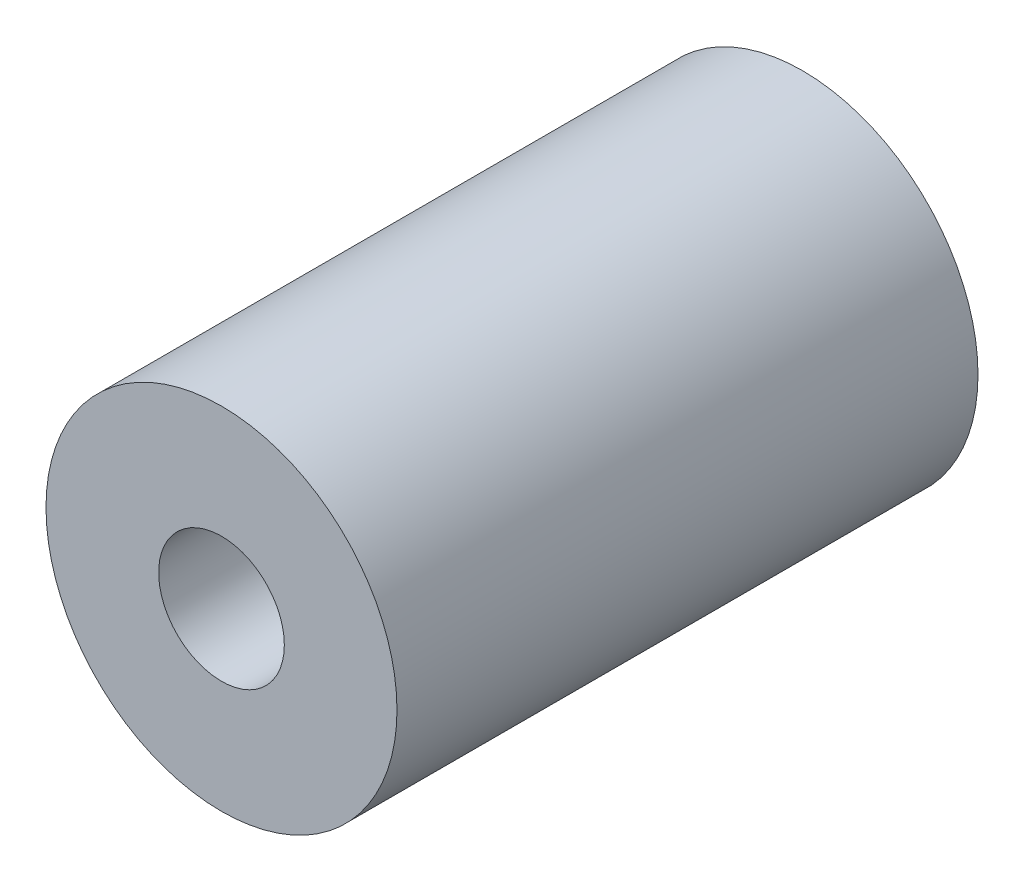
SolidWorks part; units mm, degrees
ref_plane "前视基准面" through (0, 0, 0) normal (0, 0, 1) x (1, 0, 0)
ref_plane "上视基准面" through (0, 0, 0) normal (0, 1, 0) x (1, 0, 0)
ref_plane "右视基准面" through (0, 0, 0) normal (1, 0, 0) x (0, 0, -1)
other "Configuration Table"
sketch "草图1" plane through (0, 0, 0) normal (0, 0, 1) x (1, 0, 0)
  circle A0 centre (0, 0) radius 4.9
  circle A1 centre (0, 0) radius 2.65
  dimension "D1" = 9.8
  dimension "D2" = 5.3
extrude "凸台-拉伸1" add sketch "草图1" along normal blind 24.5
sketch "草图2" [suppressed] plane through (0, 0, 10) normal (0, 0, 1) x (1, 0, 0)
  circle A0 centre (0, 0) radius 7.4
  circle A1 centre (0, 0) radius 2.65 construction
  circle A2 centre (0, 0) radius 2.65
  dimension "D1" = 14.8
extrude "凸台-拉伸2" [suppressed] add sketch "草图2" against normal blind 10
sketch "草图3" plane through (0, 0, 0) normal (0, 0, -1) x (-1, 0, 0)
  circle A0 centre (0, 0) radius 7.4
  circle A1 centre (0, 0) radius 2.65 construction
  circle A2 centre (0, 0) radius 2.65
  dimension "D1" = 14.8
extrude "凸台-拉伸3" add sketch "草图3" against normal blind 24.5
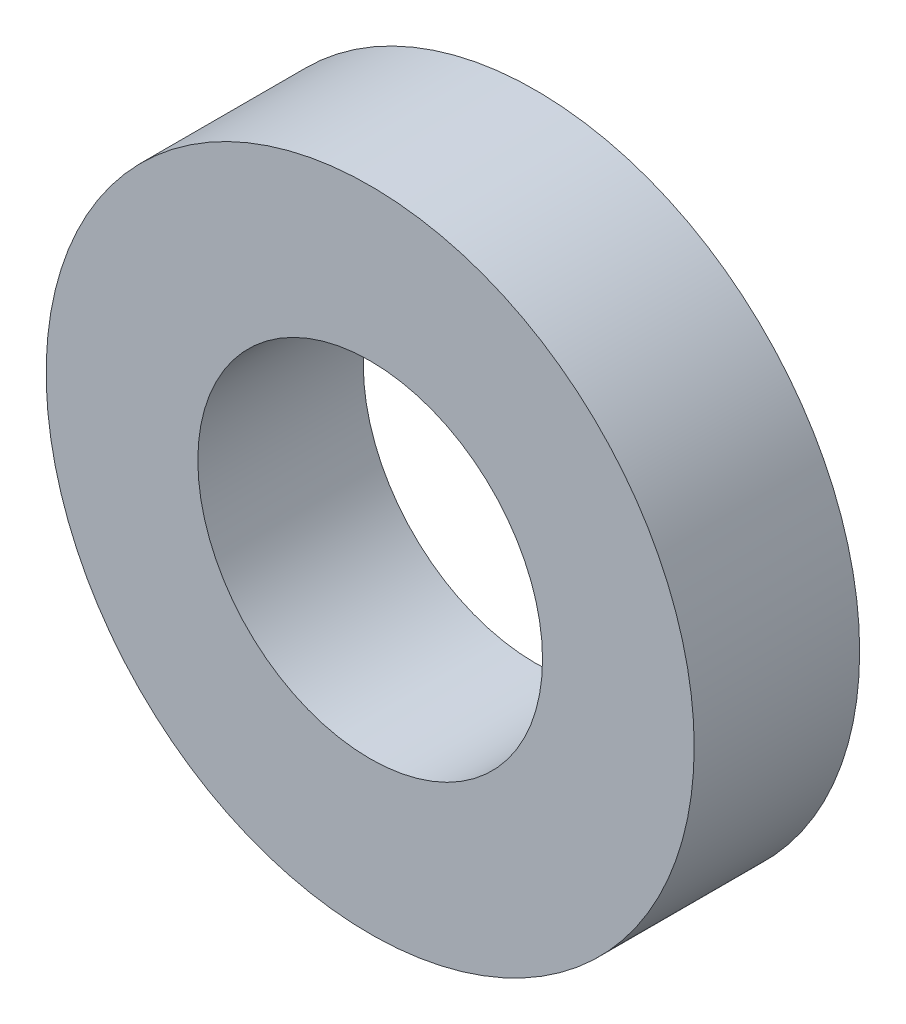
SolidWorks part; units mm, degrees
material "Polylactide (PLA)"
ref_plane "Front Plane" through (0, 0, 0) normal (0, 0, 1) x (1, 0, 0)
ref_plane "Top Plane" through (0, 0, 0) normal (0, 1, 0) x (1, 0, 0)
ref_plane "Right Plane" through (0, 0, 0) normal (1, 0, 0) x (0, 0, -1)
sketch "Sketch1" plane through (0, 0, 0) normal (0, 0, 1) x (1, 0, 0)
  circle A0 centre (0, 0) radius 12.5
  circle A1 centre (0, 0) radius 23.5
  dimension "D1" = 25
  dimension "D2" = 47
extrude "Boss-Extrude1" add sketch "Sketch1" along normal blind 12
....
* _What you will do_:
Leave the pictures out, and transcribe each of the records exactly.

* _Written answer_:
SolidWorks part; units mm, degrees
ref_plane "前视基准面" through (0, 0, 0) normal (0, 0, 1) x (1, 0, 0)
ref_plane "上视基准面" through (0, 0, 0) normal (0, 1, 0) x (1, 0, 0)
ref_plane "右视基准面" through (0, 0, 0) normal (1, 0, 0) x (0, 0, -1)
other "Configuration Table"
sketch "草图1" plane through (0, 0, 0) normal (0, 0, 1) x (1, 0, 0)
  circle A0 centre (0, 0) radius 4.9
  circle A1 centre (0, 0) radius 2.65
  dimension "D1" = 9.8
  dimension "D2" = 5.3
extrude "凸台-拉伸1" add sketch "草图1" along normal blind 24.5
sketch "草图2" [suppressed] plane through (0, 0, 10) normal (0, 0, 1) x (1, 0, 0)
  circle A0 centre (0, 0) radius 7.4
  circle A1 centre (0, 0) radius 2.65 construction
  circle A2 centre (0, 0) radius 2.65
  dimension "D1" = 14.8
extrude "凸台-拉伸2" [suppressed] add sketch "草图2" against normal blind 10
sketch "草图3" plane through (0, 0, 0) normal (0, 0, -1) x (-1, 0, 0)
  circle A0 centre (0, 0) radius 7.4
  circle A1 centre (0, 0) radius 2.65 construction
  circle A2 centre (0, 0) radius 2.65
  dimension "D1" = 14.8
extrude "凸台-拉伸3" add sketch "草图3" against normal blind 24.5
SolidWorks part; units mm, degrees
material "Polylactide (PLA)"
ref_plane "Front Plane" through (0, 0, 0) normal (0, 0, 1) x (1, 0, 0)
ref_plane "Top Plane" through (0, 0, 0) normal (0, 1, 0) x (1, 0, 0)
ref_plane "Right Plane" through (0, 0, 0) normal (1, 0, 0) x (0, 0, -1)
sketch "Sketch1" plane through (0, 0, 0) normal (0, 0, 1) x (1, 0, 0)
  circle A0 centre (0, 0) radius 12.5
  circle A1 centre (0, 0) radius 23.5
  dimension "D1" = 25
  dimension "D2" = 47
extrude "Boss-Extrude1" add sketch "Sketch1" along normal blind 12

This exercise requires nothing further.